Au Sahel et dans bien des pays du Sud et du Nord, ce sont les femmes qui ont le rôle de nourrir la famille. Elles produisent ou achètent les aliments, les transforment, s’occupent des menus et les adaptent aux besoins alimentaires des familles. Selon la FAO, les femmes produisent, à l’échelle africaine, jusqu’à 80% des denrées alimentaires. La souveraineté alimentaire est donc un enjeu qui touche particulièrement les femmes car elles sont au cœur de tout ce qui touche à l’alimentation. Puisqu’elles sont au centre de ces enjeux, les femmes peuvent et doivent jouer un rôle déterminant dans l’élaboration des politiques liées à la souveraineté alimentaire. Fall-BD’ailleurs, dans de nombreux pays du Sahel, les femmes, à travers leurs associations, se sont approprié le concept de souveraineté alimentaire et le traduisent en actions concrètes à travers la promotion du «consommer local». Par exemple, au Sénégal, les femmes proposent des livres de recettes qui mettent en valeur les produits locaux. Des programmes de valorisation des céréales locales ont également été mis en œuvre par des associations de femmes. Des petites et moyennes entreprises de transformation de mil, de riz, de maïs ou de sorgho ont été créées. Cela favorise la promotion des produits locaux et la création d’emplois rémunérés. En Afrique en général, et au Sahel en particulier, les femmes sont donc au centre de l’action en faveur de la souveraineté alimentaire. Les avantages de la souveraineté alimentaire pour les femmes sont énormes, et incluent un plus grand choix et une meilleure accessibilité des produits alimentaires.

 

La question des OGM

L’enjeu de l’utilisation des OGM dans le cadre de la production agricole des pays du Sahel est assez sensible. La faiblesse des productions agricoles, due aux terres peu productives et au manque d’eau, met la question de la souveraineté alimentaire au centre du débat sur l’utilisation des OGM. D’une part, puisque les OGM favorisent une meilleure productivité (c.-à-d. que sur une surface où on pouvait produire seulement deux à trois tonnes de riz, avec les OGM, on peut en produire de cinq à six), ils auraient leur place dans une perspective de souveraineté alimentaire, si les producteurs sahéliens en avaient le contrôle. Or, les OGM contrôlés par les multinationales étrangères sont un frein à la souveraineté alimentaire des pays sahéliens, qui continuent de dépendre de ces multinationales pour avoir de bons rendements agricoles. Il y a aussi les questions éthiques et les impacts environnementaux incertains autour des OGM qui doivent être résolus. Il faut donc d’abord poser la question du contrôle des OGM, de leurs impacts à long terme sur l’environnement et les êtres vivants (les êtres humains y compris) avant de promouvoir leur utilisation.

Finalement…

Manger à sa faim et boire à sa soif… les pays sahéliens doivent mettre en place des politiques adaptées pour y parvenir. De nos jours, il ne faut pas penser pour l’agriculture et juste pour l’agriculture, les enjeux sont énormes (économiques, environnementaux, sociaux, politiques…). La promotion des productions agricoles locales et leur transformation en aliments de base pour nourrir les populations permettent de rapprocher les pays sahéliens de la souveraineté alimentaire.

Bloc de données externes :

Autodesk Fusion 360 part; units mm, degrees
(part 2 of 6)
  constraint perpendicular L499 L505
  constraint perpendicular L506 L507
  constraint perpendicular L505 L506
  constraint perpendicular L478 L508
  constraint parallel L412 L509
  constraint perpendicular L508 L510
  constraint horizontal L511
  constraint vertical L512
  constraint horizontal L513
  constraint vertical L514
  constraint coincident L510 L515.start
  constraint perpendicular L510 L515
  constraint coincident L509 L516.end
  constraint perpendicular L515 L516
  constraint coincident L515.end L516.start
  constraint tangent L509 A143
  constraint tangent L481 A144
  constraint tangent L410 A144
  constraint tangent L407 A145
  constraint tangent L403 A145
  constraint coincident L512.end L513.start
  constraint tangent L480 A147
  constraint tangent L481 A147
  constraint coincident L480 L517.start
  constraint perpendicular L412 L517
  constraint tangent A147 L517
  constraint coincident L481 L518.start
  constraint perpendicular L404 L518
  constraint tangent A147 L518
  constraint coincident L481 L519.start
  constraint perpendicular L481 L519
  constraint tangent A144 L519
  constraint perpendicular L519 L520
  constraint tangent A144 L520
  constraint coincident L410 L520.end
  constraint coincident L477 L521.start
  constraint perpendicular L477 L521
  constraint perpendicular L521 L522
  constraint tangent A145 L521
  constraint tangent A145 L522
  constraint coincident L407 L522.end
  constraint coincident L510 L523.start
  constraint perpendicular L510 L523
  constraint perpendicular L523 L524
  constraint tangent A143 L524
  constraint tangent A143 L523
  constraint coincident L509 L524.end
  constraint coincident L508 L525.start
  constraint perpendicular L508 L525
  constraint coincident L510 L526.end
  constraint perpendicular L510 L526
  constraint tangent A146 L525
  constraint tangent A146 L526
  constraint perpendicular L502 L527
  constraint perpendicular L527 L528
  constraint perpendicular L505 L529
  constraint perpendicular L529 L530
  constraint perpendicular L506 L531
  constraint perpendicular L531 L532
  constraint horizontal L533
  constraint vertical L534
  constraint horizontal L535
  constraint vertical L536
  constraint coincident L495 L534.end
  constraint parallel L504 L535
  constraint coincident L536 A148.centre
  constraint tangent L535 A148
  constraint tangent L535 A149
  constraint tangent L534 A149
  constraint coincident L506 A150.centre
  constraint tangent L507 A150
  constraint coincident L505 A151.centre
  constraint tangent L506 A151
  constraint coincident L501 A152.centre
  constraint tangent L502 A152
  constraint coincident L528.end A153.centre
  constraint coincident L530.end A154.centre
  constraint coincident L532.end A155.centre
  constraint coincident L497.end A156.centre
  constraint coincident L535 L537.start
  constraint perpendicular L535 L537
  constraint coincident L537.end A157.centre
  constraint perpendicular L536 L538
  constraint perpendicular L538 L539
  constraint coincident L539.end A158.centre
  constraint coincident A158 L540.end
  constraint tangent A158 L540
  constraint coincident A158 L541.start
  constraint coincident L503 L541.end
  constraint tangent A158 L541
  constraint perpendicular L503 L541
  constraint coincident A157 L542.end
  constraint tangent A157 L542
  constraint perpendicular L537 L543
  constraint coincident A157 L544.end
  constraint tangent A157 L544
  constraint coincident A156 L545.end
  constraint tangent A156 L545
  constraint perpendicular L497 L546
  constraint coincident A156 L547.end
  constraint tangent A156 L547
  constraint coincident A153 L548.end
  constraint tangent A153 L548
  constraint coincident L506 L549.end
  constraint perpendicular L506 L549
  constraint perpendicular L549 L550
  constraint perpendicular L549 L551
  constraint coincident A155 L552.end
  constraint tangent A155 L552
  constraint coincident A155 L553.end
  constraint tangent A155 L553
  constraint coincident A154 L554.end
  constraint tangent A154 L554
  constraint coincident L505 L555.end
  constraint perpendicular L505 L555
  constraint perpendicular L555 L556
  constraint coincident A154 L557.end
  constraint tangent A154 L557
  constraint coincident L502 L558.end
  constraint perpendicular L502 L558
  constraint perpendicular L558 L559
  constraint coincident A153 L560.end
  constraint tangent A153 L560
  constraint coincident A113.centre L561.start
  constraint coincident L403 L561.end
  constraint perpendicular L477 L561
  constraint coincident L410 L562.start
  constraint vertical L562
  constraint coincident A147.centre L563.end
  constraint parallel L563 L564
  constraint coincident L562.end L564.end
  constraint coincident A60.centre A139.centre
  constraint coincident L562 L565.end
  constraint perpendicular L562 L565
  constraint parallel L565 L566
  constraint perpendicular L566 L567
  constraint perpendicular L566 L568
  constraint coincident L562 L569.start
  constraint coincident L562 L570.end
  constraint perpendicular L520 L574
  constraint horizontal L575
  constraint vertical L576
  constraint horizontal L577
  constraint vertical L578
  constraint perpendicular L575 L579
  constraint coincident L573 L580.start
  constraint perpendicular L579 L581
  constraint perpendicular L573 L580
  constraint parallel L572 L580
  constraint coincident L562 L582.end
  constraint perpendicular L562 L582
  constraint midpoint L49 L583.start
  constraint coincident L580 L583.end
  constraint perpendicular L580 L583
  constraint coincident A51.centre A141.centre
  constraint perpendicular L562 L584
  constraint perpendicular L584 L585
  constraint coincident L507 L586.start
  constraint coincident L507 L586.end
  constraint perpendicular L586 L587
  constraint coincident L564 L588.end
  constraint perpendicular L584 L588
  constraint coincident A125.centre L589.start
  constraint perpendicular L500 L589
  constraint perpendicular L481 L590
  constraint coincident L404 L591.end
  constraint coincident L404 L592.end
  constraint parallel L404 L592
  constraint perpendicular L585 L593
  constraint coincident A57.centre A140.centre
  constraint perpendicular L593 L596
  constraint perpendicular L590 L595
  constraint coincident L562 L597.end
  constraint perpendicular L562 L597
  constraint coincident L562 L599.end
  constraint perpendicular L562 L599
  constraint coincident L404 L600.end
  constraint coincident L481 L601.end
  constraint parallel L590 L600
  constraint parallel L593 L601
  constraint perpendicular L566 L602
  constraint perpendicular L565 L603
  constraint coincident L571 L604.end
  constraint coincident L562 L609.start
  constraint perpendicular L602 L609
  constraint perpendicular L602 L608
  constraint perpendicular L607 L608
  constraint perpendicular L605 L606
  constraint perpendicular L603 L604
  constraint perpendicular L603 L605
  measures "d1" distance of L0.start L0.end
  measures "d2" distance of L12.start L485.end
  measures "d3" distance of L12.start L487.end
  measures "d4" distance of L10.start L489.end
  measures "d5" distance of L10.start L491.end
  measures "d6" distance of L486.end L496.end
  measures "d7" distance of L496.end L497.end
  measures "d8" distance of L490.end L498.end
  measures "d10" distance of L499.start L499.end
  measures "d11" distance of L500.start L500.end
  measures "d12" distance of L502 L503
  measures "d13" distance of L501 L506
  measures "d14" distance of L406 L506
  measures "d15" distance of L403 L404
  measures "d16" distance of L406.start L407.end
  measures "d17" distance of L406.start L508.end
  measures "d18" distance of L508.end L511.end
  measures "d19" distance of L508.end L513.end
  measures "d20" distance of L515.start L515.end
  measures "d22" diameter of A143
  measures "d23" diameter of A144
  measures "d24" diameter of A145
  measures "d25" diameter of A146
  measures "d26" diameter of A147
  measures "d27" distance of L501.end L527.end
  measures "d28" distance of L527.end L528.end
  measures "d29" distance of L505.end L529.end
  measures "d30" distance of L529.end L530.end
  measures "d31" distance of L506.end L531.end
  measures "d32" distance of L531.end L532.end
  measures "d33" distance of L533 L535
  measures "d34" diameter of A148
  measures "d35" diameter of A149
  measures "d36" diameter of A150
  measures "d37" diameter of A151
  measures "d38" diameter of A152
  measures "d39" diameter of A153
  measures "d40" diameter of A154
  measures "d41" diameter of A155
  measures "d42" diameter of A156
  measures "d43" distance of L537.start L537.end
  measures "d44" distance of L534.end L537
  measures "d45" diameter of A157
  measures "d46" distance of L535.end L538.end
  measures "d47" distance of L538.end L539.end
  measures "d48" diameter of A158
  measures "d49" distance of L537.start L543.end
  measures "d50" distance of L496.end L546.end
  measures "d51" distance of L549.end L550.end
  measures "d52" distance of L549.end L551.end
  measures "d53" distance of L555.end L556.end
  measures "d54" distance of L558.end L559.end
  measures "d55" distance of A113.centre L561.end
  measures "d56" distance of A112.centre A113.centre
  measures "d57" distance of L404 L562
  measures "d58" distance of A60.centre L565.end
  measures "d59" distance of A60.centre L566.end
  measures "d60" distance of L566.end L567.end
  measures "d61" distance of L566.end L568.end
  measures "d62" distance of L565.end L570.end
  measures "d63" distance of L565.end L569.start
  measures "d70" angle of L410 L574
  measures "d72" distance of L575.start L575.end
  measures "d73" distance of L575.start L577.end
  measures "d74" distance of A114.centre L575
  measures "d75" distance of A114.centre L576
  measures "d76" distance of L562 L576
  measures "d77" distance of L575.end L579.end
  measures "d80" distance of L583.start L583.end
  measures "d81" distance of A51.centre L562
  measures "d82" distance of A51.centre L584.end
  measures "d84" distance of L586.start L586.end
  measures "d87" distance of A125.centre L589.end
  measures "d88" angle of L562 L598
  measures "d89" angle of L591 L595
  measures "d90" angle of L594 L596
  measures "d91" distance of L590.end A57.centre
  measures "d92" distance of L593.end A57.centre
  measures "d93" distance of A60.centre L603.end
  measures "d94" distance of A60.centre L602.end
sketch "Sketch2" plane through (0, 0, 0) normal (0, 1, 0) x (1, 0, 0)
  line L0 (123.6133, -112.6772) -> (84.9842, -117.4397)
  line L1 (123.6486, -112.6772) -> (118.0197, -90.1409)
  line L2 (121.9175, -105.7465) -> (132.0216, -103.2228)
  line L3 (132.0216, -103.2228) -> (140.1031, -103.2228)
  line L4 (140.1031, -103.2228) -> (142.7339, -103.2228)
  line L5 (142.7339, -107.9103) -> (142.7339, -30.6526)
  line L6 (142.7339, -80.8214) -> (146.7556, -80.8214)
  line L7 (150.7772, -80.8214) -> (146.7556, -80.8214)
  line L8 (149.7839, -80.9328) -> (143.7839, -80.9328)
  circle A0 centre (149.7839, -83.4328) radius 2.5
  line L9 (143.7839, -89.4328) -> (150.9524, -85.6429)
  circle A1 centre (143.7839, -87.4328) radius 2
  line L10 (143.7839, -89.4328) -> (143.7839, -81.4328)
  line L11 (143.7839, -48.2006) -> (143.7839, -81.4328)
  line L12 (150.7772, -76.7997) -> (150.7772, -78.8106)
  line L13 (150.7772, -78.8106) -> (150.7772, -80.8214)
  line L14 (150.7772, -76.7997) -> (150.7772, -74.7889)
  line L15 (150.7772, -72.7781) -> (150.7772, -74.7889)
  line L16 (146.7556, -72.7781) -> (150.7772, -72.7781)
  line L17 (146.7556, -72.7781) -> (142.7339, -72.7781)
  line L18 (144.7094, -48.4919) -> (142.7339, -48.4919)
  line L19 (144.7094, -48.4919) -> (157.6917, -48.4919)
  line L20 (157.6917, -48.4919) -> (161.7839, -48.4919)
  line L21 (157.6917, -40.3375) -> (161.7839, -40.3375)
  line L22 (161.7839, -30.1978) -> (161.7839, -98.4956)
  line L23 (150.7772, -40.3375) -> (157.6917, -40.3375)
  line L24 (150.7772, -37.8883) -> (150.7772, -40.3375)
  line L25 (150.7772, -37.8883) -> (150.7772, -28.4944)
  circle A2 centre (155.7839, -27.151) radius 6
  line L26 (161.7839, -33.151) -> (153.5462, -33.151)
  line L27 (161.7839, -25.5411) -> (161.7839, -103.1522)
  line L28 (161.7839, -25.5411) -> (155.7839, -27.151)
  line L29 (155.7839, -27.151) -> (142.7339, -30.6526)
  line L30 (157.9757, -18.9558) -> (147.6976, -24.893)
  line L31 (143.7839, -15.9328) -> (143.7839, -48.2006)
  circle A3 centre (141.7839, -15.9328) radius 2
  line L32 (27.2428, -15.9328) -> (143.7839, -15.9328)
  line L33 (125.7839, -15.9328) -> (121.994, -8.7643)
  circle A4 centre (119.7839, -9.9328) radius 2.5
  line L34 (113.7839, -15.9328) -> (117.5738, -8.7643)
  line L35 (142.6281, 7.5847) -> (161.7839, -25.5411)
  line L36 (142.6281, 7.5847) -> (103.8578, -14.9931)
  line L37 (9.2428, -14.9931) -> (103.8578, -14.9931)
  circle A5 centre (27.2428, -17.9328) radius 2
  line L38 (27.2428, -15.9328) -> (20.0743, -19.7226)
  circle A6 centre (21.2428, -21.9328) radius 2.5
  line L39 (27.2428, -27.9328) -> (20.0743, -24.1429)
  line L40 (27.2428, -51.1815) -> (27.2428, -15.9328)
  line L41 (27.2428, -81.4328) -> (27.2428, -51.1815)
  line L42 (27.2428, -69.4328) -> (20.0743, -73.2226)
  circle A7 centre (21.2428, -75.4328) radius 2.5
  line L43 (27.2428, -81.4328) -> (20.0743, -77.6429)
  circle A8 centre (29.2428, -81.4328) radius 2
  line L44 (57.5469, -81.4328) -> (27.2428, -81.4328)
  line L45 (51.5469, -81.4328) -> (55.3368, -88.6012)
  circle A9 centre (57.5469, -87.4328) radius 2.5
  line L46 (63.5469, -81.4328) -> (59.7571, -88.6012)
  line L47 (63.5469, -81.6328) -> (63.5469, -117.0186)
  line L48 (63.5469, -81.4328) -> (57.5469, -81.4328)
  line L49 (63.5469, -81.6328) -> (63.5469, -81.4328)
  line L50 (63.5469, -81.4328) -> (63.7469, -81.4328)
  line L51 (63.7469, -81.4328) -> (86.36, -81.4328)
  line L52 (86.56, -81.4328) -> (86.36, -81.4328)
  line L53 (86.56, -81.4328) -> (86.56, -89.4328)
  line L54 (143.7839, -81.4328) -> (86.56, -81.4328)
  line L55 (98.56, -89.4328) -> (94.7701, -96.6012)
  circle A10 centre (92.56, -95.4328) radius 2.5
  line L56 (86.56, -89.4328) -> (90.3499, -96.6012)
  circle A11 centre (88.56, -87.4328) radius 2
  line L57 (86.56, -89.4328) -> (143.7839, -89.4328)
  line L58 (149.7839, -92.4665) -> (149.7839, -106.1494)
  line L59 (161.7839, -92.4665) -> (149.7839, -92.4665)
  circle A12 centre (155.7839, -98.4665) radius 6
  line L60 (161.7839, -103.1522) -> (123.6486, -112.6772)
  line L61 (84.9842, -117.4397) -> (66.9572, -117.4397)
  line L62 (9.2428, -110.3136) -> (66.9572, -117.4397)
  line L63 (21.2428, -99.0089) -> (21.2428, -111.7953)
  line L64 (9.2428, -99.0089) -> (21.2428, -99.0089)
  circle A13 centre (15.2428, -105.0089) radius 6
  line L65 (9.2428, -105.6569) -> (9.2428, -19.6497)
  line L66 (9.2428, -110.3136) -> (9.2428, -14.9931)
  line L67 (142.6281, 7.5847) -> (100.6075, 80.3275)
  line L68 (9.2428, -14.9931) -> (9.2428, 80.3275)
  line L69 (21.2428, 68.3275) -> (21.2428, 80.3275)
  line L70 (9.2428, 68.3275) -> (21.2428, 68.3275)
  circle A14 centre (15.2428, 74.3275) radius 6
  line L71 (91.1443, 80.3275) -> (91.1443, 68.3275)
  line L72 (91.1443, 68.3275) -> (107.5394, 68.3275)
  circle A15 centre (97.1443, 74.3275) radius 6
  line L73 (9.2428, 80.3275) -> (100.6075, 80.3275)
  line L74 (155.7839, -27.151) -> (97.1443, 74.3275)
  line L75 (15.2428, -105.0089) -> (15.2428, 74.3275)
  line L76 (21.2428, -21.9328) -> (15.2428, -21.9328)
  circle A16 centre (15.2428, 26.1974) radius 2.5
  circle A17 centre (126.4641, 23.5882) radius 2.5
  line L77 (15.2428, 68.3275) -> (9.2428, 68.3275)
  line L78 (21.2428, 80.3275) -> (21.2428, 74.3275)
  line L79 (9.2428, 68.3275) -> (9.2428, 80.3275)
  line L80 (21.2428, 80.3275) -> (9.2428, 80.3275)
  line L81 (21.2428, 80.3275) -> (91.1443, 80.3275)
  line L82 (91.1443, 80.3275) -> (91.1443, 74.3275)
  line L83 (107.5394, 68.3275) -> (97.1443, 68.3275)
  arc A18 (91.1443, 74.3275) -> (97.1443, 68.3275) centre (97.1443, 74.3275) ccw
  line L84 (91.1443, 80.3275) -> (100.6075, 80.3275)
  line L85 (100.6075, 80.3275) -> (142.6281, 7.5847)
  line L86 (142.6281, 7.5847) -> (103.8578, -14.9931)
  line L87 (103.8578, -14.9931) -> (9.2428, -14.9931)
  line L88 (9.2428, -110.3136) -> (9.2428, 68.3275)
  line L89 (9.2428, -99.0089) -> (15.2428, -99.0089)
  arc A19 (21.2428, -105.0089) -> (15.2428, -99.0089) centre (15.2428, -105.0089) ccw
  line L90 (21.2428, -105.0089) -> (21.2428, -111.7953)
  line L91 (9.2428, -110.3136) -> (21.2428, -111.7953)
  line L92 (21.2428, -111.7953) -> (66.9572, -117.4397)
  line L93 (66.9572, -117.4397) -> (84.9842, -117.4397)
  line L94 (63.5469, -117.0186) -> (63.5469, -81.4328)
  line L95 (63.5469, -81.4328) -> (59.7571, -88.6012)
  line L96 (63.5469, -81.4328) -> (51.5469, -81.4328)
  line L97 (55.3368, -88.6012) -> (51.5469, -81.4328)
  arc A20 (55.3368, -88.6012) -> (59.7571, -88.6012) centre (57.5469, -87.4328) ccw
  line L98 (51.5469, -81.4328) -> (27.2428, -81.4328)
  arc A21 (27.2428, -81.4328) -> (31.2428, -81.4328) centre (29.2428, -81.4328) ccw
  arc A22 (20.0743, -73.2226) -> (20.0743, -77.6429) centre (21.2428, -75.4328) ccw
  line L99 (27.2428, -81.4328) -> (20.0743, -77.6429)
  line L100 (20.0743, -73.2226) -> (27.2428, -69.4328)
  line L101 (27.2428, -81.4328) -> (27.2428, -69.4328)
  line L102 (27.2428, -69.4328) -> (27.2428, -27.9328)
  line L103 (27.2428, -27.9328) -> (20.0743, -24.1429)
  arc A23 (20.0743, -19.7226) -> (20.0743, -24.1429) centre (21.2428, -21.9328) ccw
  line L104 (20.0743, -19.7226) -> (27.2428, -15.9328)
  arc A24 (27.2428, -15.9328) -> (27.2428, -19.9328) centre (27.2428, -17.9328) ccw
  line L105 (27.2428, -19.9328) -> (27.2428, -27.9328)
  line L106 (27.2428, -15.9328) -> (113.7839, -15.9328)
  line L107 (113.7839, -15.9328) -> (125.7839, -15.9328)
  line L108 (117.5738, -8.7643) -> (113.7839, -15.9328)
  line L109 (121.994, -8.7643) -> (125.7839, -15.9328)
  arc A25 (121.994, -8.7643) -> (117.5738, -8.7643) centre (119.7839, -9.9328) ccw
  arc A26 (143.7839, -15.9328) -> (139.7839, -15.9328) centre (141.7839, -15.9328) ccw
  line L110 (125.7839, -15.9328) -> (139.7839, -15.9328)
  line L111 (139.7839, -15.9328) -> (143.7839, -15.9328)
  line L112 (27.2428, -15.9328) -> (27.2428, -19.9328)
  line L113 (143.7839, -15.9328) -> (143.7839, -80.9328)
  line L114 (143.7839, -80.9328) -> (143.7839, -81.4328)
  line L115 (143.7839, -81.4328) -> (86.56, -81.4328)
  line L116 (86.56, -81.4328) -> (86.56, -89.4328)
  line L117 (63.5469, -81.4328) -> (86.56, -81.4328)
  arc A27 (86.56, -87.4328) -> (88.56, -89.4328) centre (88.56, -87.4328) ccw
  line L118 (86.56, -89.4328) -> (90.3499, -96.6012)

Marie Fall est professeure adjointe à l’Université du Québec à Chicoutimi (UQAC). Elle détient un doctorat en géographie environnementale de l’Université de Montréal. Elle a travaillé au Centre de recherches pour le développement international (CRDI). Ses enseignements et ses champs de recherche couvrent la coopération internationale, la gestion participative des ressources naturelles, la gouvernance décentralisée et le développement local. Madame Fall réalise actuellement des recherches sur la planification participative pour une gouvernance décentralisée de la biodiversité dans la réserve de biosphère du delta du Saloum au Sénégal : la valorisation des savoirs traditionnels dans la gouvernance de la biodiversité, et sur l’adaptation des savoirs professionnels dans les initiatives locales de développement.